The below values are the default ones used in the project, but you can change them to use different models or configurations as needed.

HUGGINGFACE_LLM_MODEL=unsloth/Qwen3.5-2B-GGUF
HUGGINGFACE_LLM_GGUF_FILE=Qwen3.5-2B-UD-IQ2_M.gguf
HUGGINGFACE_WHISPER_MODEL=openai/whisper-small

Supported environment variables

Variable Default Purpose
HUGGINGFACE_LLM_MODEL unsloth/Qwen3.5-2B-GGUF Chat model used for cleanup and summary generation
HUGGINGFACE_LLM_GGUF_FILE Qwen3.5-2B-UD-IQ2_M.gguf GGUF filename used to switch the loader to Hugging Face GGUF support
HUGGINGFACE_LLM_MAX_TOKENS 4096 Maximum tokens generated for the summary
HUGGINGFACE_LLM_TEMPERATURE 0.5 Sampling temperature for the summary model
HUGGINGFACE_WHISPER_MODEL openai/whisper-small Whisper model used for transcription
HUGGINGFACE_WHISPER_CHUNK_LENGTH_S 30 Whisper chunk size in seconds
HUGGINGFACE_WHISPER_STRIDE_LENGTH_S 5 Whisper overlap in seconds
SYSTEM_PROMPT project default System prompt used by the summary model
USER_RESUME_PROMPT project default User prompt used to normalize and summarize the transcript

Run as a command line

From the project root, you can run the script to transcribe audio files directly from the command line.

uv run python -m src.main --sample audio/your-file.mp3 --output_file audio/transcribed.txt

Run the server

Another way to use the application is to run it as a server.

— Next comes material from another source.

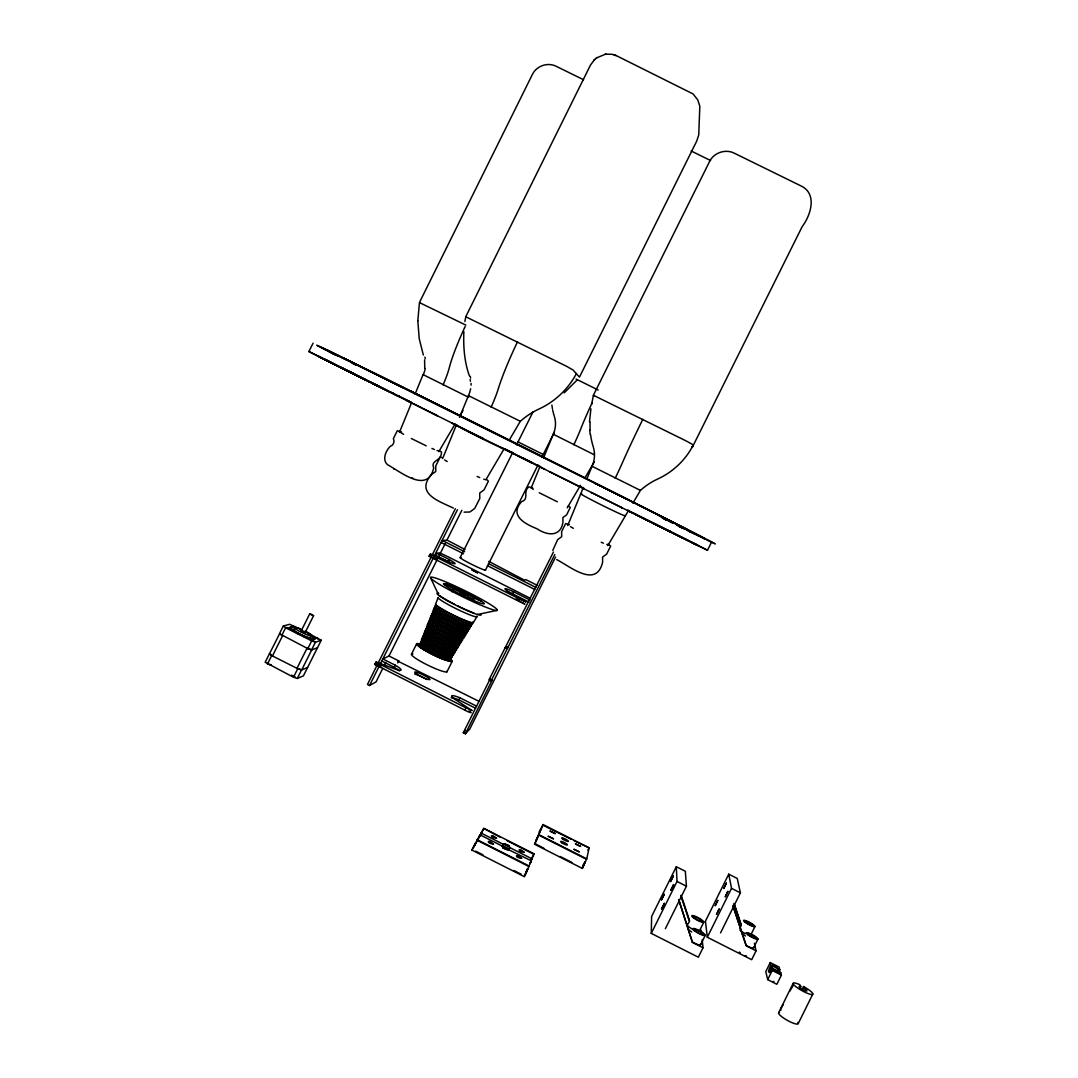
<?xml version="1.0" encoding="UTF-8"?>
<svg xmlns="http://www.w3.org/2000/svg" width="1078" height="1078" viewBox="0 0 1078 1078"><rect width="100%" height="100%" fill="white"/><g stroke="black" fill="none" stroke-linecap="round" stroke-linejoin="round"><path stroke-width="1.5" d="M417.819 320.732L419.45 302.514L532.316 74.611C536.359 65.879 547.786 61.904 556.315 66.364L583.535 79.718M702.209 939.814L703.018 947.764L698.342 957.224L651.274 933.386L651.624 916.475L676.31 866.712L685.325 871.267L686.43 886.224L665.369 928.697M789.702 991.288L792.977 985.939M463.877 331.66C463.244 346.55 464.335 361.736 469.388 375.858M452.086 591.822L453.582 588.548L444.379 583.656M589.504 421.767L590.919 408.818M424.732 368.204L424.597 359.904M693.397 929.654A6.832 1.361 28.3 0 1 687.238 925.113L689.57 921.38M591.687 404.263L593.399 395.262L709.311 162.037C713.38 152.847 725.346 148.602 734.266 153.17L801.183 186.009C817.569 193.905 810.75 215.331 802.194 226.596L692.494 446.925L691.685 446.656M464.887 321.567L465.79 316.662L590.474 65.071L594.584 59.559M536.574 844.384L534.836 843.508L534.553 844.236L582.336 868.41L586.728 858.87L589.14 847.847L543.11 824.562L539.296 832.135L539.943 830.707M582.336 868.41L584.613 863.128L582.619 867.13L583.171 864.718M552.771 550.44L557.622 539.687L561.692 536.696L561.625 531.629L565.64 523.571L569.467 524.757M470.655 712.086L471.086 712.706L467.825 711.669L374.915 664.398L376.478 662.094L394.615 668.886A15.092 2.156 25.9 0 0 395.356 665.247L382.906 658.981L389.023 655.99L398.739 660.881L397.715 662.93M374.915 664.398L376.033 662.067M692.494 446.925L693.181 444.81L686.363 441.037L593.399 395.262L594.005 395.855M527.748 869.178L526.118 872.708M542.894 825.128L571.124 839.223M525.633 873.706L531.373 860.837L508.803 849.801M530.942 861.322L534.055 853.816L483.779 828.362L478.901 837.242L480.033 834.83L508.964 849.477M473.7 846.567L471.921 850.097L524.285 876.63L525.134 874.73M527.29 868.828L525.552 873.355L526.266 871.913M535.753 841.649L543.11 824.562M438.247 597.36L435.728 603.801A21.075 2.102 26.2 0 0 454.404 615.551A21.075 2.102 26.2 0 0 473.215 622.019M584.828 862.629L585.138 861.659L584.707 862.238M441.98 457.584L440.174 457.085L435.701 466.073L435.795 471.504L431.591 474.387C414.639 493.697 439.73 501.432 453.353 508.075M579.129 376.774L573.065 370.01L566.866 366.453L465.965 316.851M399.453 432.345L411.446 403.024M415.124 394.009L423.048 374.605L468.687 397.337M442.64 458.527L456.304 425.177M459.497 417.402L468.472 395.559A29.322 29.187 -75.7 0 0 470.614 388.74M531.158 488.051L539.808 466.949M543.514 457.934L553.243 434.232A25.064 24.996 -75.7 0 0 554.335 416.297A63.831 63.723 -55.4 0 1 552.718 410.125M567.715 525.538L583.279 487.62M587.038 478.484L592.038 466.289A27.3 27.26 -79.8 0 0 593.237 446.75A69.544 69.477 -39.9 0 1 590.569 434.528M779.785 974.162A5.188 0.889 -65.7 0 0 780.634 972.437L779.273 971.75A5.188 0.889 -65.7 0 1 778.842 972.639M483.564 828.793L482.014 832.068M778.882 972.006A5.188 0.889 -65.7 0 1 779.717 970.24L779.246 967.141L770.244 962.6L770.662 965.672A5.174 0.862 -65.7 0 0 768.547 972.006A5.174 0.862 -65.7 0 0 771.525 967.828L779.286 971.696M772.899 968.529L772.926 968.475A5.174 0.862 -65.7 0 1 772.481 969.405M531.831 858.492L530.902 860.46M530.632 861.996L530.093 863.182L531.373 860.837M508.641 850.016L509.907 847.429L503.413 844.141L502.604 845.772L509.099 849.06L509.907 847.429M481.408 833.146L479.697 836.622L480.128 835.881M536.197 840.746L537.639 837.633L535.618 841.514L541.264 828.335L539.93 830.868M502.132 846.729L503.413 844.141M526.037 873.086L524.285 876.63M535.348 842.632L536.143 841.015M473.916 846.567L475.721 842.821L473.916 846.257M480.545 835.059L481.314 833.483M527.277 870.256L524.838 875.201L527.021 870.795M739.98 927.969L741.206 925.261M750.746 935.084L754.991 926.501M753.576 947.899L757.969 939.046M754.371 943.237L756.082 950.809L751.676 959.703L707.303 937.254L705.443 921.151L728.728 874.164L737.244 878.462L740.397 892.84L720.576 932.847M770.244 962.6L765.784 971.615L767.698 979.632L776.847 984.281L781.388 975.091L780.661 972.383M767.698 979.632L772.225 970.456L771.552 967.774M777.278 971.48L778.545 968.906L778.356 969.553A5.188 0.889 -65.7 0 0 777.157 972.208M778.666 1012.7L793.206 983.257M802.099 989.469L803.555 986.545L804.431 987.03A11.211 2.196 29.1 0 1 811.586 994.509A11.211 2.196 29.1 0 1 795.443 986.33A11.211 2.196 29.1 0 1 799.768 984.659L801.116 986.842A4.487 0.876 29.1 0 0 800.105 987.866A4.487 0.876 29.1 0 0 806.317 991.019A4.487 0.876 29.1 0 0 804.188 988.391L803.555 986.545M798.259 1023.507L812.839 993.997M579.573 376.896L696.725 141.07L698.733 134.952L699.824 106.21L697.709 99.809L693.046 93.921L616.562 55.76L612.169 54.304L605.364 54.143M534.553 844.236L535.294 842.578M589.14 847.847L574.089 840.732M651.274 933.386L677.024 881.467L676.31 866.712M699.312 931.23L703.813 922.121M700.619 944.705L705.281 935.3M707.303 937.254L731.531 888.353L728.728 874.164M451.13 697.789A16.183 2.358 26.3 0 1 458.891 699.865L459.929 697.776L476.584 706.171M506.916 591.445A13.744 1.038 26.4 0 1 512.495 593.816L513.532 591.741L530.106 600.055M523.921 603.397L524.932 604.206L518.747 601.228L519.812 599.085L430.243 554.159L429.179 556.288L430.607 554.105L446.966 561.086A21.25 1.563 26.2 0 0 449.243 559.522L436.846 553.31L435.808 555.386L448.205 561.598A21.25 1.59 26.2 0 1 450.038 562.689M464.861 709.944L465.939 707.801L375.993 662.256M553.459 552.03L488.994 679.8L491.083 680.851L492.403 679.639L465.386 733.795L463.297 732.744L490.315 678.588M491.083 680.851L554.793 554.564M555.561 557.07L469.738 729.105L465.386 733.795M473.417 847.241L480.033 834.83M483.779 828.362L499.828 837.027M532.128 857.441L534.055 853.816M670.785 532.06L707.505 550.252L711.561 542.099M269.608 653.686L272.451 655.95L282.517 635.858L279.66 633.662L265.161 662.242L293.486 677.227L297.285 678.466L303.403 675.866L321.257 640.224L305.411 631.668M317.458 647.797L311.582 649.913L307.809 648.619L279.458 633.716L283.325 626.008L289.672 624.297L302.419 630.145M267.425 664.061L271.683 655.559L269.419 653.753M281.762 635.481L285.63 627.76L283.325 626.008M301.031 631.223L309.696 613.934L311.569 614.473L313.577 615.727L304.926 633.002M293.486 677.227L297.744 668.724L301.53 669.977L307.58 667.525M307.809 648.619L311.677 640.898L315.45 642.205L321.257 640.224M297.285 678.466L301.53 669.977M311.582 649.913L315.45 642.205M376.478 662.094L374.969 664.21M375.279 664.762L376.343 662.62M375.993 665.274L377.057 663.132M455.388 508.668L367.463 684.449L369.538 685.5L376.033 681.902L382.798 668.36M376.977 665.854L378.055 663.711M378.122 666.433L379.2 664.291M369.538 685.5L378.553 667.471M380.062 664.466L457.463 509.705M464.995 549.457L447.114 540.186L442.371 540.523L441.333 542.611L463.594 553.769M379.281 666.945L380.359 664.803M380.305 667.322L381.383 665.18M437.358 559.59L429.071 556.194L435.647 559.563L436.711 557.42M384.307 665.342L385.816 662.337M388.821 656.313L445.281 543.433M446.777 540.428L461.829 510.325M399.399 671.001A15.092 2.183 25.8 0 0 394.305 667.336L395.356 665.247M448.205 561.598L449.243 559.522M411.58 653.996L416.741 643.66M460.225 557.501L512.764 452.396M516.524 444.877L533.004 411.917M485.45 570.154L538.003 464.968M541.749 457.463L554.483 431.968M446.966 671.81L452.127 661.474M472.905 848.265L471.921 850.097M478.996 837.714L473.673 847.065M353.234 373.77L308.874 351.549L313.065 343.208M479.494 836.73L481.421 832.971M531.009 859.853L531.656 858.6M526.697 871.078L527.587 869.394M583.656 864.179L584.411 862.764M587.806 850.084L588.938 848.238M438.786 451.682L454.916 424.287M459.74 416.081L463.001 410.543M485.882 479.777L504.127 448.812A26.856 0.768 26.3 0 1 477.069 436.186A26.856 0.768 26.3 0 1 456.412 425.015M509.234 440.147L520.297 421.363A74.571 74.449 -86.8 0 1 538.987 409.02A80.5 80.19 -65.9 0 0 576.434 373.527M567.203 507.859L580.463 485.396M584.599 478.403L594.369 461.842M607.83 545.576L628.69 510.258M632.88 503.17L640.426 490.396A69.518 69.437 32.9 0 1 657.863 478.928A74.975 74.867 -53.6 0 0 692.817 445.901M438.611 450.752L437.035 450.55M473.269 622.653L476.907 616.778M313.577 615.727L309.696 613.934M576.77 380.359L564.198 392.877M463.297 732.744L465.494 730.412M783.167 1004.79L780.688 1008.941L780.903 1010.369M596.471 57.929L605.917 54.021M594.113 59.977L596.929 57.538M398.739 660.881L398.065 661.245L479.292 701.468M497.052 610.364A37.204 3.247 26.2 0 1 444.163 587.092A37.204 3.247 26.2 0 1 450.308 583.858A37.204 3.247 26.2 0 1 497.052 610.364L478.982 614.204A22.705 2.129 26.2 0 1 477.662 614.164M436.846 553.31L439.784 552.933L448.488 556.989L530.363 598.344M606.766 544.444L607.682 544.565M464.106 512.158L469.9 511.996L474.711 508.452L479.791 498.481L479.723 493.037L484.089 489.816L488.401 481.152L486.704 479.562M772.966 981.667L773.977 981.398M483.793 479.198L485.208 479.562M294.968 676.768L294.105 676.485M294.779 677.159L291.383 675.34M271.063 665.18L269.675 664.681M271.265 664.789L270.389 664.506M543.069 454.39L518.019 441.886L518.761 442.276M616.144 55.571L614.069 54.789M376.195 664.439L377.233 664.83M302.433 630.805C296.234 629.431 311.461 635.616 303.134 631.115M532.775 488.159L529.015 486.825C522.426 491.191 529.527 499.208 521.658 501.62C508.587 515.823 525.821 524.272 537.14 528.826C546.681 535.335 560.52 537.572 562.945 522.251L562.878 517.588L566.624 514.839L570.302 507.442L568.308 505.892M401.474 431.955L397.283 430.742L393.362 438.638C395.074 441.643 392.998 445.686 390.613 446.09C386.153 449.822 381.774 459.497 387.379 464.605C400.288 471.531 427.67 494.613 433.733 467.852C430.23 459.848 441.522 461.654 441.522 452.154L440.174 451.17M477.931 599.018L470.143 595.864A11.602 1.011 26.2 0 0 455.657 589.019L446.535 584.155M481.314 601.133L473.525 597.994A11.602 1.011 26.2 0 1 467.946 596.74L469.388 598.533M601.228 542.261L603.451 543.191M667.322 520.378L665.328 519.394L673.359 523.167M477.096 476.449L479.71 477.581M556.706 559.603C569.952 566.314 596.377 588.911 602.629 562.19L602.562 557.11L606.644 554.119L610.66 546.061L608.181 544.094M431.928 448.421L434.38 449.499M411.998 477.877L412.766 478.228M329.423 351.724L324.276 349.097M351.644 362.72L356.926 364.997L346.914 359.917M317.417 355.807L318.886 356.495M308.874 351.549L331.943 362.949M453.569 588.831L468.014 595.784L459.929 592.833L463.836 595.905M357.748 365.402L601.147 486.353M426.214 445.834L411.297 438.503M557.353 501.796L539.243 492.767M657.62 514.853L687.036 529.527L636.882 504.356M661.69 517.642L664.627 519.097M689.691 531.602L690.89 532.182M594.005 454.646L553.243 434.232M356.427 364.768L347.156 360.2M358.987 365.86L387.42 379.658M691.173 151.001L710.577 160.528M697.493 535.267L701.199 537.046L687.656 530.241M339.786 367.032L341.376 367.814M352.169 373.163L353.368 373.648L350.646 372.409L352.708 373.419M340.244 367.153L369.983 382.084L367.841 381.06M368.959 381.383L376.977 385.372M691.416 542.288L699.285 546.155L694.987 543.972M436.846 404.331L442.02 406.851L432.251 401.878M676.647 524.77L686.43 529.621M550.535 472.164L549.43 471.625L580.746 487.243L579.721 486.73M592.294 492.969L591.323 492.484L622.289 507.927L621.386 507.482M633.837 513.397L654.575 523.746M629.35 511.403L628.501 510.985L632.018 512.751M653.928 523.612L653.16 523.234L657.351 525.363M660.76 526.872L660.288 526.643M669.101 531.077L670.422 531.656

This allows you to send audio files via HTTP requests and receive transcriptions in response.

uv run uvicorn src.app:app --host 0.0.0.0 --port 8000 --reload

The web UI is available at /. Uploads are accepted by POST /upload, and the response includes rendered transcript and summary HTML plus timing data.

Runtime notes

  • CUDA is required. The app raises at startup if no GPU is available.
  • The audio and text models are loaded one at a time so each can use GPU memory before the next one starts.
  • The text model is loaded in 4-bit when CUDA is available, but Gemma 4 can still hit temporary VRAM spikes during initialization on small GPUs; if that happens, use a smaller model or more VRAM.
  • If HUGGINGFACE_LLM_GGUF_FILE is set to a .gguf filename, the text model switches to the Hugging Face GGUF loader automatically.
  • Uploaded files are written temporarily to uploads/ and removed after processing.
  • Generated transcripts and summaries are saved in audio/ with timestamped filenames for reference.